Here’s what’s happening step by step:

unique(experiment_data$condition) extracts all distinct group labels — "control" and "incongruent".
We initialize an empty numeric vector (condition_means) to store the mean for each group, and name its elements after the conditions.
The for loop iterates through each condition:
- On each iteration, R filters the rt column to include only rows for that condition.
- It then calculates the mean of that subset and stores the result in the vector.
When the loop finishes, we have one mean per condition, just like the tapply() output.

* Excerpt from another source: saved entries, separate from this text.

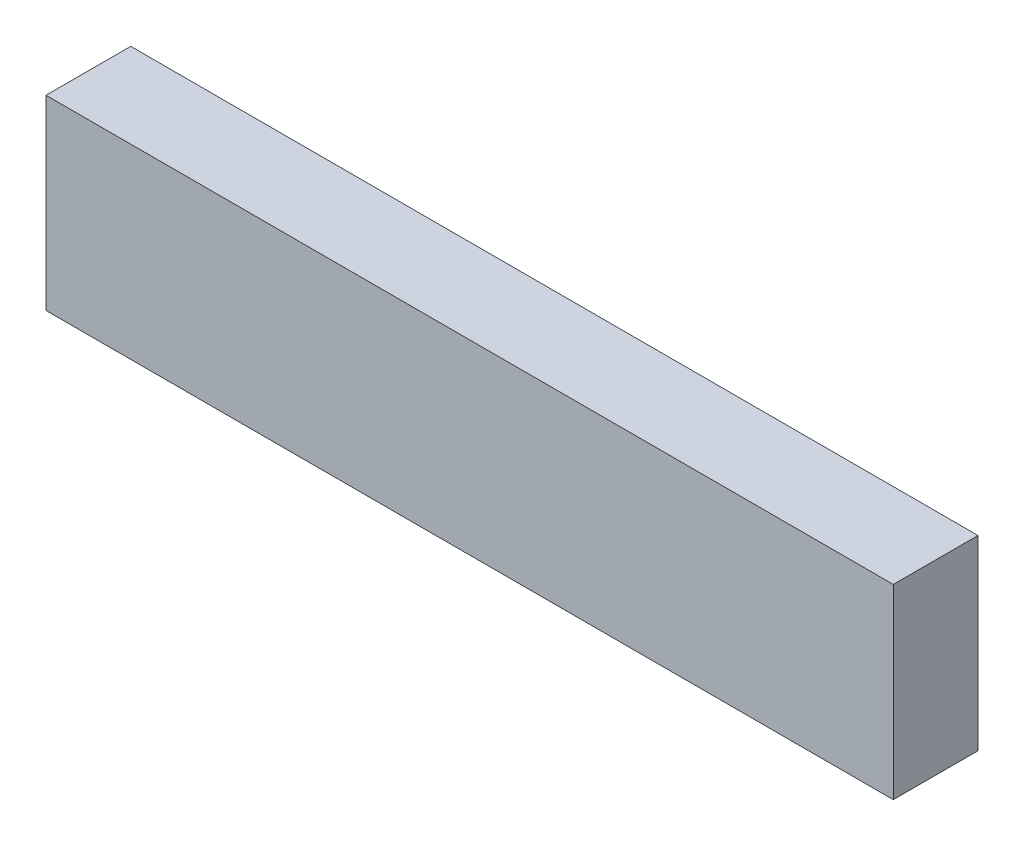
from build123d import *

# Parameters (mm, degrees)
SKETCH1_W           = 100
SKETCH1_H           = 22
BOSS_EXTRUDE1_DEPTH = 10


with BuildPart() as part:
    # Sketch1 → Boss-Extrude1 (new body)
    with BuildSketch(Plane.XY):
        with Locations((-50, 11)):
            Rectangle(SKETCH1_W, SKETCH1_H)
    extrude(amount=BOSS_EXTRUDE1_DEPTH)


solid = part.part

Notice we had to remove the NA values before running tapply, which can't directly accept our normal na.rm = TRUE. Read more about how you can pass arguments like na.rm = TRUE to the function inside tapply() by wrapping it in an anonymous function (function(x) {}): Handling Missing Values in Group Summaries with tapply()

Summary

Function	Purpose	Typical Input	Example
`rowMeans()`	Mean across columns (per subject)	Numeric data frame or matrix	`rowMeans(rt_data)`
`colMeans()`	Mean across rows (per block)	Numeric data frame or matrix	`colMeans(rt_data)`
`apply()`	Apply a custom function to rows or columns	Matrix or data frame	`apply(rt_data, 2, sd)`
`tapply()`	Apply a function by group	Vector + grouping variable	`tapply(rt, condition, mean)`

7. Summary

Functions let you bundle operations and reuse them easily.
Conditionals let your code make decisions with if, else if, and else.
Loops let your code repeat actions for each element of a sequence.
Combining loops and conditionals lets you apply logic row by row in a data frame.
Use vectorized alternatives like ifelse(), rowMeans(), apply(), and tapply() to make your code faster, simpler, and more readable.
- As you get comfortable, you’ll start to see where loops make sense for clarity — and where vectorization makes sense for speed.
Advanced structures like while, repeat, next, and break exist but are less common in data analysis.
When writing R code, prioritize clarity first, then efficiency through vectorization once the logic is clear and correct.

The goal is not just to write working code, but to write code that’s readable, efficient, and expressive of your intent.